Skill shortage and limited resources

SOC teams are comprised of various roles and security professionals ranging in expertise. The cyber security industry faces difficult staffing shortages and a SOC will need to navigate security skill gaps that leave organizations susceptible to malware, ransomware, and other cyber-attacks.

Cost to build a SOC team

Onboarding SOC staff and building a dynamic SOC team involves a great deal of time and resources. SOC analysts need to stay up to date in threat intelligence trends and must continuously learn in an evolving threat landscape. Maintaining a well-rounded team that consists of a SOC Manager, SOC Analysts, SOC Architect, and Compliance Auditor poses challenges to organizations struggling to attract high-level cyber security talent who understand their company’s full needs. For many small businesses, choosing a SOC as a service model is a more affordable alternative that leverages the expertise of high-skilled SOC professionals without the expense of building an in-house SOC team.

Satisfying SOC compliance

Security operations centers stay up to date on compliance regulation changes within their industry, federal, and local government. The SOC collects and applies data subject to compliance standards. A SOC team’s mission is to protect the organization’s crowned jewels, which includes intellectual property (IP) and sensitive data.

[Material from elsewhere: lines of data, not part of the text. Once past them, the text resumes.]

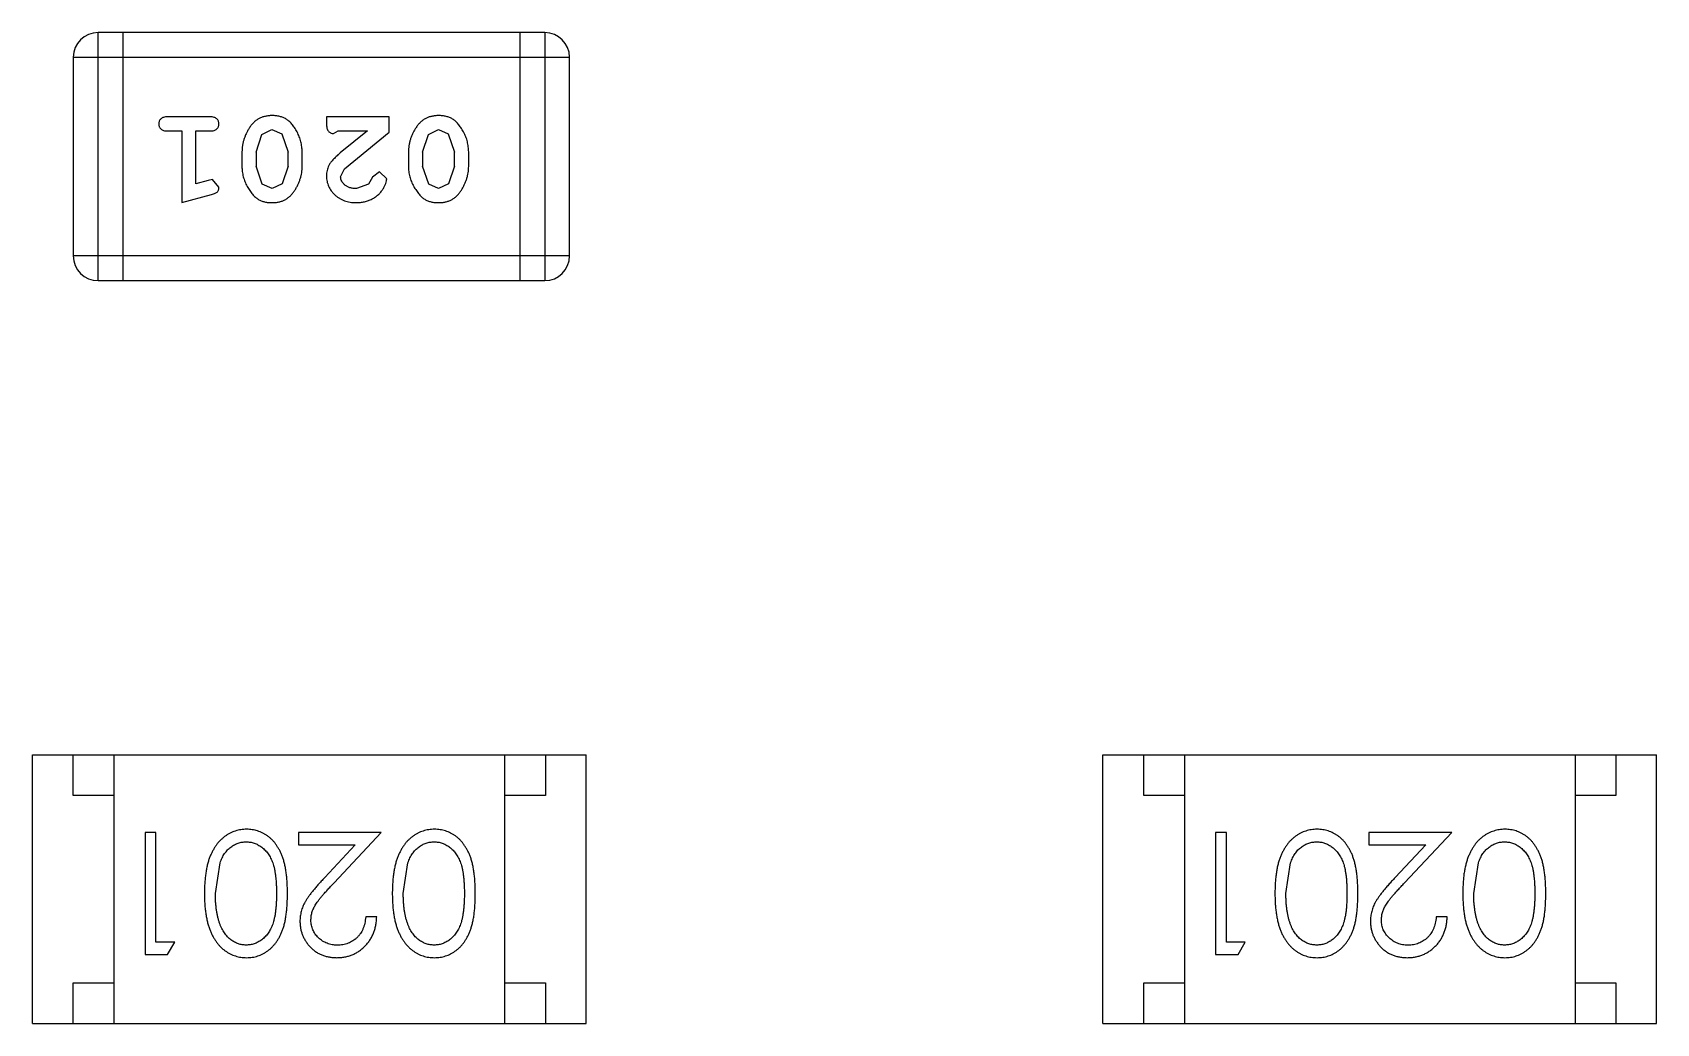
# Model space of a CAD drawing. Header units: inches. Extents: x -13 to 240, y -18 to 126.
# Drawn here: x 211.607 to 213.602, y 40.401 to 41.619 of the extents above; entities that cross this region are included whole.
import ezdxf

# ---------------------------------------------------------------- set-up
doc = ezdxf.new("R2010")
doc.units = ezdxf.units.IN
doc.header["$LTSCALE"] = 1.21
doc.header["$MEASUREMENT"] = 0
doc.layers.get('0').update_dxf_attribs({"linetype": 'CONTINUOUS'})

msp = doc.modelspace()

# ---------------------------------------------------------------- linework, layer by layer
at = {"color": 7, "linetype": 'Continuous'}
for p, q in [((212.2359, 41.6186), (211.6872, 41.6186)), ((211.6872, 41.3138), (211.6872, 41.6186)), ((211.7177, 41.6186), (211.7177, 41.3138)), ((212.2054, 41.6186), (212.2054, 41.3138)), ((212.2359, 41.6186), (212.2359, 41.3138)), ((211.6568, 41.5881), (212.2664, 41.5881)), ((211.6568, 41.5881), (211.6568, 41.3443)), ((212.2664, 41.3443), (212.2664, 41.5881)), ((211.8247, 41.515), (211.7728, 41.515)), ((211.7728, 41.4977), (211.7901, 41.4977)), ((211.7901, 41.4977), (211.7901, 41.4096)), ((211.8074, 41.4977), (211.8247, 41.4977)), ((211.8074, 41.4327), (211.8074, 41.4977)), ((211.8886, 41.4934), (211.9009, 41.4993)), ((211.9009, 41.4993), (211.913, 41.494)), ((212.0449, 41.515), (211.9679, 41.515)), ((211.9679, 41.515), (211.9679, 41.5071)), ((211.9765, 41.4945), (211.982, 41.4977)), ((211.982, 41.4977), (212.0182, 41.4977)), ((212.0182, 41.4977), (211.9846, 41.4706)), ((211.9899, 41.4511), (212.0449, 41.4961)), ((212.0449, 41.4961), (212.0449, 41.515)), ((212.0931, 41.4934), (212.1054, 41.4993)), ((212.1054, 41.4993), (212.1175, 41.494)), ((211.8813, 41.4717), (211.8886, 41.4934)), ((211.913, 41.494), (211.9207, 41.4717)), ((212.0858, 41.4717), (212.0931, 41.4934)), ((212.1175, 41.494), (212.1252, 41.4717)), ((211.864, 41.4719), (211.864, 41.4542)), ((211.8813, 41.4717), (211.8813, 41.4545)), ((211.9207, 41.4545), (211.9207, 41.4717)), ((211.938, 41.4542), (211.938, 41.4719)), ((212.0685, 41.4719), (212.0685, 41.4542)), ((212.0858, 41.4717), (212.0858, 41.4545)), ((212.1252, 41.4545), (212.1252, 41.4717)), ((212.1425, 41.4542), (212.1425, 41.4719)), ((211.8224, 41.4369), (211.8074, 41.4327)), ((211.8278, 41.4379), (211.8224, 41.4369)), ((211.8357, 41.4286), (211.8278, 41.4379)), ((211.8889, 41.4322), (211.8813, 41.4545)), ((211.9207, 41.4545), (211.9134, 41.4327)), ((211.9852, 41.4414), (211.9899, 41.4511)), ((212.0245, 41.4408), (212.0195, 41.4323)), ((212.033, 41.4473), (212.0245, 41.4408)), ((212.0418, 41.4389), (212.033, 41.4473)), ((212.0934, 41.4322), (212.0858, 41.4545)), ((212.1252, 41.4545), (212.1179, 41.4327)), ((211.7901, 41.4096), (211.8267, 41.4195)), ((211.901, 41.4269), (211.8889, 41.4322)), ((211.9134, 41.4327), (211.901, 41.4269)), ((212.0195, 41.4323), (212.0047, 41.4269)), ((212.1056, 41.4269), (212.0934, 41.4322)), ((212.1179, 41.4327), (212.1056, 41.4269)), ((212.2664, 41.3443), (211.6568, 41.3443)), ((211.6872, 41.3138), (212.2359, 41.3138)), ((211.6067, 40.7314), (212.2867, 40.7314)), ((211.6067, 40.4014), (211.6067, 40.7314)), ((211.6567, 40.6814), (211.6567, 40.7314)), ((211.7067, 40.7314), (211.7067, 40.4014)), ((212.1867, 40.7314), (212.1867, 40.4014)), ((212.2367, 40.7314), (212.2367, 40.6814)), ((212.2867, 40.4014), (212.2867, 40.7314)), ((212.9217, 40.7314), (213.6017, 40.7314)), ((212.9217, 40.4014), (212.9217, 40.7314)), ((212.9717, 40.6814), (212.9717, 40.7314)), ((213.0217, 40.7314), (213.0217, 40.4014)), ((213.5017, 40.7314), (213.5017, 40.4014)), ((213.5517, 40.7314), (213.5517, 40.6814)), ((213.6017, 40.4014), (213.6017, 40.7314)), ((211.7067, 40.6814), (211.6567, 40.6814)), ((212.2367, 40.6814), (212.1867, 40.6814)), ((213.0217, 40.6814), (212.9717, 40.6814)), ((213.5517, 40.6814), (213.5017, 40.6814)), ((211.7583, 40.6362), (211.7449, 40.6362)), ((211.7449, 40.6362), (211.7449, 40.4862)), ((211.7583, 40.5015), (211.7583, 40.6362)), ((212.0352, 40.6362), (211.9333, 40.6362)), ((211.9333, 40.6362), (211.9333, 40.6208)), ((211.9333, 40.6208), (212.0031, 40.6208)), ((212.0031, 40.6208), (211.9656, 40.5807)), ((211.9771, 40.5741), (212.0352, 40.6362)), ((213.0733, 40.6362), (213.0599, 40.6362)), ((213.0599, 40.6362), (213.0599, 40.4862)), ((213.0733, 40.5015), (213.0733, 40.6362)), ((213.3503, 40.6362), (213.2483, 40.6362)), ((213.2483, 40.6362), (213.2483, 40.6208)), ((213.2483, 40.6208), (213.3181, 40.6208)), ((213.3181, 40.6208), (213.2806, 40.5807)), ((213.2921, 40.5741), (213.3503, 40.6362)), ((211.8314, 40.5612), (211.8371, 40.5989)), ((212.0622, 40.5612), (212.0679, 40.5989)), ((213.1464, 40.5612), (213.1521, 40.5989)), ((213.3772, 40.5612), (213.3829, 40.5989)), ((212.0295, 40.5323), (212.016, 40.5323)), ((213.3445, 40.5323), (213.331, 40.5323)), ((211.7814, 40.5015), (211.7583, 40.5015)), ((211.7726, 40.4862), (211.7814, 40.5015)), ((213.0964, 40.5015), (213.0733, 40.5015)), ((213.0876, 40.4862), (213.0964, 40.5015)), ((211.7449, 40.4862), (211.7726, 40.4862)), ((213.0599, 40.4862), (213.0876, 40.4862)), ((211.6567, 40.4514), (211.7067, 40.4514)), ((211.6567, 40.4014), (211.6567, 40.4514)), ((212.1867, 40.4514), (212.2367, 40.4514)), ((212.2367, 40.4514), (212.2367, 40.4014)), ((212.9717, 40.4514), (213.0217, 40.4514)), ((212.9717, 40.4014), (212.9717, 40.4514)), ((213.5017, 40.4514), (213.5517, 40.4514)), ((213.5517, 40.4514), (213.5517, 40.4014)), ((211.6067, 40.4014), (212.2867, 40.4014)), ((212.9217, 40.4014), (213.6017, 40.4014))]:
    msp.add_line(p, q, dxfattribs=at)
for centre, start, end in [((211.6872, 41.5881), 90, 180), ((212.2359, 41.5881), 0, 90), ((211.6872, 41.3443), 180, 270), ((212.2359, 41.3443), 270, 0)]:
    msp.add_arc(centre, 0.0305, start, end, dxfattribs=at)
for points, knots in [([(211.9009, 41.5166), (211.8995, 41.5165), (211.8967, 41.5164), (211.8926, 41.5157), (211.8887, 41.5146), (211.8852, 41.513), (211.8818, 41.511), (211.8788, 41.5085), (211.876, 41.5055), (211.8735, 41.5021), (211.8713, 41.4985), (211.8694, 41.4949), (211.8677, 41.4912), (211.8664, 41.4874), (211.8653, 41.4836), (211.8646, 41.4797), (211.8641, 41.4759), (211.8641, 41.4732), (211.864, 41.4719)], [0, 0, 0, 0, 0.067217, 0.131051, 0.19272, 0.252824, 0.312745, 0.373449, 0.436041, 0.501494, 0.567761, 0.632087, 0.695096, 0.757109, 0.817993, 0.878657, 0.939311, 1, 1, 1, 1]), ([(211.938, 41.4719), (211.9379, 41.473), (211.9379, 41.4751), (211.9376, 41.4783), (211.9371, 41.4814), (211.9364, 41.4845), (211.9356, 41.4876), (211.9344, 41.4906), (211.9332, 41.4935), (211.9317, 41.4964), (211.9301, 41.4992), (211.9285, 41.5017), (211.9268, 41.504), (211.9252, 41.5061), (211.9235, 41.508), (211.9218, 41.5096), (211.9201, 41.5111), (211.9177, 41.5127), (211.9145, 41.5143), (211.9103, 41.5156), (211.9057, 41.5164), (211.9026, 41.5165), (211.9009, 41.5166)], [0, 0, 0, 0, 0.049886, 0.09882, 0.148132, 0.19689, 0.246038, 0.295176, 0.345305, 0.395692, 0.445312, 0.491875, 0.535813, 0.577009, 0.616081, 0.652689, 0.687585, 0.720206, 0.785062, 0.85223, 0.923759, 1, 1, 1, 1]), ([(212.1054, 41.5166), (212.104, 41.5165), (212.1012, 41.5164), (212.0971, 41.5157), (212.0932, 41.5146), (212.0897, 41.513), (212.0863, 41.511), (212.0833, 41.5085), (212.0805, 41.5055), (212.078, 41.5021), (212.0758, 41.4985), (212.0739, 41.4949), (212.0722, 41.4912), (212.0709, 41.4874), (212.0699, 41.4836), (212.0691, 41.4797), (212.0686, 41.4759), (212.0686, 41.4732), (212.0685, 41.4719)], [0, 0, 0, 0, 0.067217, 0.131051, 0.19272, 0.252824, 0.312745, 0.373449, 0.436041, 0.501494, 0.567761, 0.632087, 0.695096, 0.757109, 0.817993, 0.878657, 0.939311, 1, 1, 1, 1]), ([(212.1425, 41.4719), (212.1425, 41.473), (212.1424, 41.4751), (212.1421, 41.4783), (212.1416, 41.4814), (212.1409, 41.4845), (212.1401, 41.4876), (212.1389, 41.4906), (212.1377, 41.4935), (212.1362, 41.4964), (212.1346, 41.4992), (212.133, 41.5017), (212.1313, 41.504), (212.1297, 41.5061), (212.128, 41.508), (212.1263, 41.5096), (212.1246, 41.5111), (212.1222, 41.5127), (212.119, 41.5143), (212.1148, 41.5156), (212.1103, 41.5164), (212.1071, 41.5165), (212.1054, 41.5166)], [0, 0, 0, 0, 0.049886, 0.09882, 0.148132, 0.19689, 0.246038, 0.295176, 0.345305, 0.395692, 0.445312, 0.491875, 0.535813, 0.577009, 0.616081, 0.652689, 0.687585, 0.720206, 0.785062, 0.85223, 0.923759, 1, 1, 1, 1]), ([(211.7728, 41.515), (211.7719, 41.515), (211.7702, 41.5149), (211.7679, 41.5144), (211.7659, 41.5137), (211.7644, 41.5126), (211.7632, 41.5113), (211.7624, 41.5098), (211.7619, 41.5081), (211.7618, 41.5069), (211.7618, 41.5063)], [0, 0, 0, 0, 0.169012, 0.317488, 0.445429, 0.560977, 0.67065, 0.776666, 0.88492, 1, 1, 1, 1]), ([(211.7618, 41.5063), (211.7618, 41.5057), (211.7619, 41.5045), (211.7624, 41.5029), (211.7632, 41.5014), (211.7644, 41.5), (211.7659, 41.499), (211.7679, 41.4982), (211.7702, 41.4977), (211.7719, 41.4977), (211.7728, 41.4977)], [0, 0, 0, 0, 0.11517, 0.223509, 0.328254, 0.438012, 0.553651, 0.682263, 0.830856, 1, 1, 1, 1]), ([(211.8357, 41.5063), (211.8357, 41.5069), (211.8356, 41.5081), (211.8351, 41.5098), (211.8343, 41.5113), (211.8331, 41.5127), (211.8316, 41.5137), (211.8296, 41.5145), (211.8273, 41.5149), (211.8256, 41.515), (211.8247, 41.515)], [0, 0, 0, 0, 0.115051, 0.223278, 0.329269, 0.437893, 0.554681, 0.682591, 0.83103, 1, 1, 1, 1]), ([(211.8247, 41.4977), (211.8256, 41.4977), (211.8273, 41.4977), (211.8296, 41.4982), (211.8316, 41.499), (211.8331, 41.5), (211.8343, 41.5014), (211.8351, 41.5029), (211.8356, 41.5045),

By implementing strict security policies to protect data, SOCs need to meet framework requirements which include satisfying SOC 1 compliance and SOC 2 compliance.

SOC vs MDR

What is the difference between SOC-as-a-service and Managed Detection and Response (MDR)?

Managed detection and response (MDR) is a service that combines the analysis of robust correlated data with a team of advanced cybersecurity technicians to provide proactive, purpose-built threat hunting, monitoring, and response capabilities. Within the security solution, a SOC is a part of MDR that continuously threat hunts, identifies, and responds to incidents.

SOC-as-a-service FAQs

A Security Operations Center (SOC) serves as a centralized hub for security and IT teams to monitor, detect, examine, and remediate cyber threats in your business’s network. SOCs oversee all applications and systems across an organization’s attack surface to provide complete visibility. They work 24/7 to prevent and respond to malware and other cyberattack incidents.

Organizations can use SOC 2 reports to demonstrate their cloud and data center security controls. Understanding SOC 1 and SOC 2 helps businesses decipher which type of compliance they need to satisfy.

A managed SOC is also known as SOC-as-a-service. Managed Security Operations Centers help organizations strengthen their cybersecurity posture by providing high-skilled threat monitoring and incident response through hiring outsourced security expertise.